I have one 2 x 2" conduits running from the meter base to the house, each conduit having 1 set of 3/0 wires. The 2 electrical panels will be installed at the conduit's point of entry in the house, within 2 feet of each other. I know I'm allowed to have up to 6 individual disconnects (panels) if they are in the same location (230.40, exception 2).

FYI, this is in Chicago. Chicago adopted NEC 2017, with amendments. From what I've checked, I couldn't find an amendment against it.

The reason I'm asking this is that I've called an electrical supplier to give me a quote, and the guy said it is illegal in Chicago to have 2 200A panels individually fed from one 400A service. I asked them to give me the article that says that, but he didn't know.

I've also called two city inspectors, and one said yes (if I respect the tap rules?), while the other one said no, because I don't have a single point of disconnect.

Am I missing something here?

Thank you


----------



## Bird dog

Ask your Jman. Who pulled the permit? This will need to be inspected.


----------



## frenchelectrican

It useally pretty common to see 400 amp residential service and I have no issue with it as long the meter is rated at 400 amp max or Class 320 system in there and with two hole lug .,, that is common.

and two 200 amp panels that is common as well due it cheaper than order a large single 400 amp panel and put a subpanel next to it. 

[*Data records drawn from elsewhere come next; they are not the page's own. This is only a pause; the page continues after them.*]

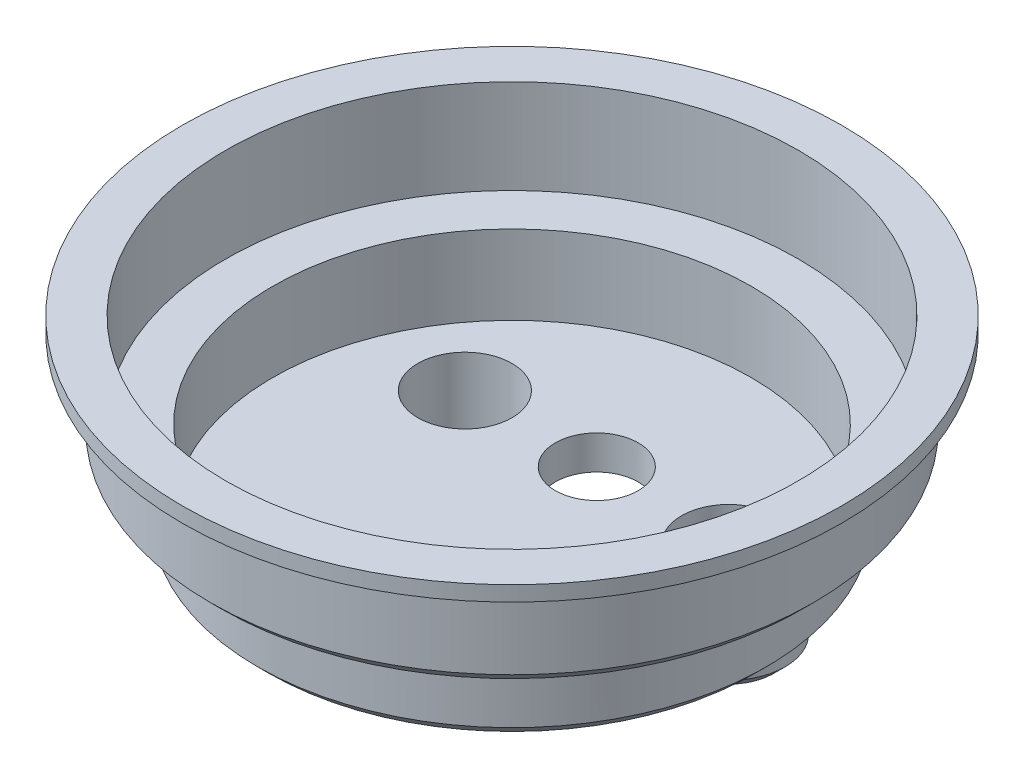
from build123d import *

# Parameters (mm, degrees)
SKETCH1_R            = 67.5
BOSS_EXTRUDE1_DEPTH  = 21
SKETCH3_R            = 80
BOSS_EXTRUDE2_DEPTH  = 25
SKETCH4_R            = 87.5
BOSS_EXTRUDE3_DEPTH  = 4
SHELL1_START         = 4
SHELL1_OUTLINE_R     = 63.5
SHELL1_DEPTH         = 46
SHELL1_START_2       = 25
SHELL1_2_OUTLINE_R   = 76
SHELL1_2_OUTLINE_R_2 = 63.5
SHELL1_2_DEPTH       = 25
SKETCH2_R            = 11
SKETCH2_R_2          = 6.25
CUT_EXTRUDE1_DEPTH   = 10
SKETCH5_R            = 15
SKETCH5_R_2          = 6.25
BOSS_EXTRUDE4_DEPTH  = 20
SKETCH6_R            = 12.5
CUT_EXTRUDE2_DEPTH   = 20
CHAMFER1_SIZE        = 3
CHAMFER2_SIZE        = 3
SKETCH7_R            = 15
SKETCH7_R_2          = 11
BOSS_EXTRUDE5_DEPTH  = 5


# Read off the part's stored shape, not the designer's step: Shell1
with BuildPart() as part:
    # Sketch1 → Boss-Extrude1 (new body)
    with BuildSketch(Plane(origin=(0, 0, 0), x_dir=(1, 0, 0), z_dir=(0, 1, 0))):
        with Locations(Location((0, 0, 0), (0, 0, 90))):
            Circle(SKETCH1_R)
    extrude(amount=BOSS_EXTRUDE1_DEPTH)

    # Sketch3 → Boss-Extrude2 (add)
    with BuildSketch(Plane(origin=(0, 21, 0), x_dir=(1, 0, 0), z_dir=(0, 1, 0))):
        with Locations(Location((0, 0, 0), (0, 0, 270))):
            Circle(SKETCH3_R)
    extrude(amount=BOSS_EXTRUDE2_DEPTH)

    # Sketch4 → Boss-Extrude3 (add)
    with BuildSketch(Plane(origin=(0, 46, 0), x_dir=(1, 0, 0), z_dir=(0, 1, 0))):
        with Locations(Location((0, 0, 0), (0, 0, 270))):
            Circle(SKETCH4_R)
    extrude(amount=BOSS_EXTRUDE3_DEPTH)

    # Shell1 outline → Shell1 (cut)
    with BuildSketch(Plane(origin=(0, 0, 0), x_dir=(1, 0, 0), z_dir=(0, 1, 0)).offset(SHELL1_START)):
        Circle(SHELL1_OUTLINE_R)
    extrude(amount=SHELL1_DEPTH, mode=Mode.SUBTRACT)

    # Shell1 2 outline → Shell1 2 (cut)
    with BuildSketch(Plane(origin=(0, 0, 0), x_dir=(1, 0, 0), z_dir=(0, 1, 0)).offset(SHELL1_START_2)):
        Circle(SHELL1_2_OUTLINE_R)
        Circle(SHELL1_2_OUTLINE_R_2, mode=Mode.SUBTRACT)
    extrude(amount=SHELL1_2_DEPTH, mode=Mode.SUBTRACT)

    # Sketch2 → Cut-Extrude1 (cut)
    with BuildSketch(Plane(origin=(0, 4, 0), x_dir=(1, 0, 0), z_dir=(0, 1, 0))):
        with Locations(Location((0, 22.5, 0), (0, 0, 270))):
            Circle(SKETCH2_R)
        with Locations(Location((-35, 22.5, 0), (0, 0, 270))):
            Circle(SKETCH2_R_2)
        with Locations(Location((35, 22.5, 0), (0, 0, 270))):
            Circle(SKETCH2_R_2)
    extrude(amount=-CUT_EXTRUDE1_DEPTH, mode=Mode.SUBTRACT)

    # Sketch5 → Boss-Extrude4 (add)
    # profile 1 of 2: a face of its own
    with BuildSketch(Plane.XZ):
        with Locations(Location((35, -22.5, 0), (0, 0, 90))):
            Circle(SKETCH5_R)
        with Locations(Location((35, -22.5, 0), (0, 0, 90))):
            Circle(SKETCH5_R_2, mode=Mode.SUBTRACT)
    # profile 2 of 2: a face of its own
    with BuildSketch(Plane.XZ):
        with Locations(Location((-35, -22.5, 0), (0, 0, 90))):
            Circle(SKETCH5_R)
        with Locations(Location((-35, -22.5, 0), (0, 0, 90))):
            Circle(SKETCH5_R_2, mode=Mode.SUBTRACT)
    extrude(amount=BOSS_EXTRUDE4_DEPTH)

    # Sketch6 → Cut-Extrude2 (cut)
    with BuildSketch(Plane(origin=(0, 4, 0), x_dir=(1, 0, 0), z_dir=(0, 1, 0))):
        with Locations(Location((-35, 22.5, 0), (0, 0, 270))):
            Circle(SKETCH6_R)
        with Locations(Location((35, 22.5, 0), (0, 0, 270))):
            Circle(SKETCH6_R)
    extrude(amount=-CUT_EXTRUDE2_DEPTH, mode=Mode.SUBTRACT)

    # Chamfer1
    chamfer1_edges = [part.edges().sort_by_distance(p)[0] for p in [
        (0, 0, 67.5),
        (0, 21, -80),
    ]]
    chamfer(chamfer1_edges, length=CHAMFER1_SIZE)

    # Chamfer2
    chamfer2_edges = [part.edges().sort_by_distance(p)[0] for p in [
        (35, -20, -37.5),
        (-35, -20, -37.5),
    ]]
    chamfer(chamfer2_edges, length=CHAMFER2_SIZE)

    # Sketch7 → Boss-Extrude5 (add)
    with BuildSketch(Plane.XZ):
        with Locations(Location((0, -22.5, 0), (0, 0, 90))):
            Circle(SKETCH7_R)
        with Locations(Location((0, -22.5, 0), (0, 0, 90))):
            Circle(SKETCH7_R_2, mode=Mode.SUBTRACT)
    extrude(amount=BOSS_EXTRUDE5_DEPTH)


solid = part.part
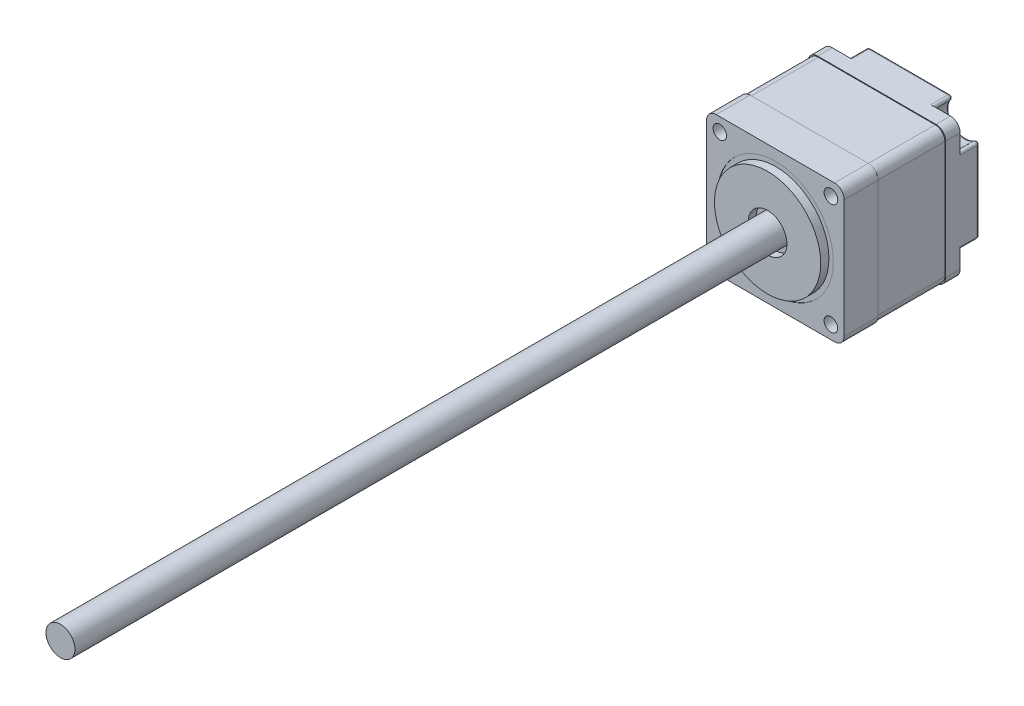
from build123d import *

# Parameters (mm, degrees)
SKETCH1_W           = 28.5
SKETCH1_H           = 28.5
BOSS_EXTRUDE1_DEPTH = 7
FILLET1_R           = 2
SKETCH2_R           = 11
BOSS_EXTRUDE2_DEPTH = 1.6
SKETCH3_R           = 4
CUT_EXTRUDE1_DEPTH  = 1.6
SKETCH6_W           = 28.2
SKETCH6_H           = 28.2
BOSS_EXTRUDE4_DEPTH = 14
FILLET2_R           = 2
SKETCH7_W           = 28.5
SKETCH7_H           = 28.5
BOSS_EXTRUDE5_DEPTH = 7
FILLET3_R           = 2
SKETCH9_R           = 1.4
CUT_EXTRUDE3_DEPTH  = 42.7
SKETCH10_R          = 3.5
CUT_EXTRUDE4_DEPTH  = 4
FILLET4_R           = 0.5
FILLET5_R           = 0.5
CUT_EXTRUDE5_START  = -0.1
SKETCH11_R          = 12
SKETCH11_R_2        = 11
CUT_EXTRUDE5_DEPTH  = 0.1
CUT_EXTRUDE6_START  = -2.5
SKETCH12_R          = 4
CUT_EXTRUDE6_DEPTH  = 2.5
SKETCH13_R          = 2.5
BOSS_EXTRUDE7_DEPTH = 0.5
FILLET6_R           = 0.2
SKETCH_1_R          = 3
SHAFT_DEPTH         = 148


with BuildPart() as part:
    # Sketch1 → Boss-Extrude1 (new body)
    with BuildSketch(Plane.XY):
        Rectangle(SKETCH1_W, SKETCH1_H)
    extrude(amount=BOSS_EXTRUDE1_DEPTH)

    # Fillet1
    fillet1_edges = [part.edges().sort_by_distance(p)[0] for p in [
        (14.25, -14.25, 3.5),
        (-14.25, -14.25, 3.5),
        (-14.25, 14.25, 3.5),
        (14.25, 14.25, 3.5),
    ]]
    fillet(fillet1_edges, radius=FILLET1_R)

    # Sketch2 → Boss-Extrude2 (add)
    with BuildSketch(Plane.XY.offset(7)):
        Circle(SKETCH2_R)
    extrude(amount=BOSS_EXTRUDE2_DEPTH)

    # Sketch3 → Cut-Extrude1 (cut)
    with BuildSketch(Plane.XY.offset(8.6)):
        Circle(SKETCH3_R)
    extrude(amount=-CUT_EXTRUDE1_DEPTH, mode=Mode.SUBTRACT)

    # Sketch6 → Boss-Extrude4 (add)
    with BuildSketch(Plane(origin=(0, 0, 0), x_dir=(-1, 0, 0), z_dir=(0, 0, -1))):
        Rectangle(SKETCH6_W, SKETCH6_H)
    extrude(amount=BOSS_EXTRUDE4_DEPTH)

    # Fillet2
    # the kernel refuses this fillet: 2 mm, written as the material it takes off along each edge
    with BuildSketch(Plane(origin=(-14.1, -14.1, 0), x_dir=(0, 1, 0), z_dir=(0, 0, -1)), Plane(origin=(-14.1, 14.1, 0), x_dir=(1, 0, 0), z_dir=(0, 0, -1))) as fillet2_piece_1:
        with BuildLine():
            CenterArc((FILLET2_R, FILLET2_R), FILLET2_R, 180, 90)
            Line((0, FILLET2_R), (0, 0))
            Line((0, 0), (FILLET2_R, 0))
        make_face()
    extrude(amount=19, mode=Mode.SUBTRACT)
    with BuildSketch(Plane(origin=(14.1, 14.1, 0), x_dir=(-1, 0, 0), z_dir=(0, 0, -1)), Plane(origin=(14.1, -14.1, 0), x_dir=(0, 1, 0), z_dir=(0, 0, -1))) as fillet2_piece_2:
        with BuildLine():
            CenterArc((FILLET2_R, -FILLET2_R), FILLET2_R, 90, 90)
            Line((0, -FILLET2_R), (0, 0))
            Line((0, 0), (FILLET2_R, 0))
        make_face()
    extrude(amount=19, mode=Mode.SUBTRACT)

    # Sketch7 → Boss-Extrude5 (add)
    with BuildSketch(Plane(origin=(0, 0, -14), x_dir=(-1, 0, 0), z_dir=(0, 0, -1))):
        Rectangle(SKETCH7_W, SKETCH7_H)
    extrude(amount=BOSS_EXTRUDE5_DEPTH)

    # Fillet3
    fillet3_edges = [part.edges().sort_by_distance(p)[0] for p in [
        (-14.25, -14.25, -17.5),
        (-14.25, 14.25, -17.5),
        (14.25, 14.25, -17.5),
        (14.25, -14.25, -17.5),
    ]]
    fillet(fillet3_edges, radius=FILLET3_R)

    # Sketch9 → Cut-Extrude3 (cut)
    with BuildSketch(Plane.XY.offset(7)):
        with Locations((-11.5, 11.5)):
            Circle(SKETCH9_R)
        with Locations((11.5, 11.5)):
            Circle(SKETCH9_R)
        with Locations((11.5, -11.5)):
            Circle(SKETCH9_R)
        with Locations((-11.5, -11.5)):
            Circle(SKETCH9_R)
    extrude(amount=-CUT_EXTRUDE3_DEPTH, mode=Mode.SUBTRACT)

    # Sketch10 → Cut-Extrude4 (cut)
    with BuildSketch(Plane(origin=(0, 0, -21), x_dir=(-1, 0, 0), z_dir=(0, 0, -1))):
        with Locations((-11.5, 11.5)):
            Circle(SKETCH10_R)
        with Locations((11.5, 11.5)):
            Circle(SKETCH10_R)
        with Locations((11.5, -11.5)):
            Circle(SKETCH10_R)
        with Locations((-11.5, -11.5)):
            Circle(SKETCH10_R)
    extrude(amount=-CUT_EXTRUDE4_DEPTH, mode=Mode.SUBTRACT)

    # Fillet4
    fillet4_edges = [part.edges().sort_by_distance(p)[0] for p in [
        (14.25, -9.334936491, -19),
        (9.334936491, -14.25, -19),
        (-14.25, -9.334936491, -19),
        (-9.334936491, -14.25, -19),
        (-14.25, 9.334936491, -19),
        (-9.334936491, 14.25, -19),
        (9.334936491, 14.25, -19),
        (14.25, 9.334936491, -19),
    ]]
    fillet(fillet4_edges, radius=FILLET4_R)

    # Fillet5
    fillet5_edges = [part.edges().sort_by_distance(p)[0] for p in [
        (-14.25, 0, -21),
        (9.025126266, -9.025126266, -21),
        (0, -14.25, -21),
        (-9.025126266, -9.025126266, -21),
        (-9.025126266, 9.025126266, -21),
        (0, 14.25, -21),
        (9.025126266, 9.025126266, -21),
        (14.25, 0, -21),
        (13.983853587, 8.634752599, -21),
        (8.634752599, 13.983853587, -21),
        (13.983853587, -8.634752599, -21),
        (8.634752599, -13.983853587, -21),
        (-8.634752599, -13.983853587, -21),
        (-13.983853587, -8.634752599, -21),
        (-8.634752599, 13.983853587, -21),
        (-13.983853587, 8.634752599, -21),
    ]]
    fillet(fillet5_edges, radius=FILLET5_R)

    # Sketch11 → Cut-Extrude5 (cut)
    with BuildSketch(Plane.XY.offset(7).offset(CUT_EXTRUDE5_START)):
        Circle(SKETCH11_R)
        Circle(SKETCH11_R_2, mode=Mode.SUBTRACT)
    extrude(amount=CUT_EXTRUDE5_DEPTH, mode=Mode.SUBTRACT)

    # Sketch12 → Cut-Extrude6 (cut)
    with BuildSketch(Plane(origin=(0, 0, -21), x_dir=(-1, 0, 0), z_dir=(0, 0, -1)).offset(CUT_EXTRUDE6_START)):
        with Locations(Location((0, 0, 0), (0, 0, 180))):
            Circle(SKETCH12_R)
    extrude(amount=CUT_EXTRUDE6_DEPTH, mode=Mode.SUBTRACT)

    # Sketch13 → Boss-Extrude7 (add)
    with BuildSketch(Plane(origin=(0, 0, -18.5), x_dir=(-1, 0, 0), z_dir=(0, 0, -1))):
        Circle(SKETCH13_R)
    extrude(amount=BOSS_EXTRUDE7_DEPTH)

    # Fillet6
    fillet6_edges = [part.edges().sort_by_distance(p)[0] for p in [
        (2.5, 0, -19),
    ]]
    fillet(fillet6_edges, radius=FILLET6_R)

    # Эскиз1 → Shaft (add)
    with BuildSketch(Plane.XY.offset(7)):
        Circle(SKETCH_1_R)
    extrude(amount=SHAFT_DEPTH)


solid = part.part

Please check with Chicago POCO specs reguarding of 400 amp residential service and read the FPN if they have it especially with 208 volt network system and dont be too surprised if the inspector want to see the load demand caluation so expect that.


----------



## Southeast Power

I have installed a few meter main combos with two 200 amp breakers in them.
Are you trying to not install the main disconnects "grouped"???


----------



## A Little Short

If you're pretty much going back to back from the meter to the panels then you shouldn't need any disconnects. If the distance is too far or farther than your AHJ allows then you would need a disconnect(s). The meter base (320A) will have dual lugs so you can feed either the panels or disconnect(s).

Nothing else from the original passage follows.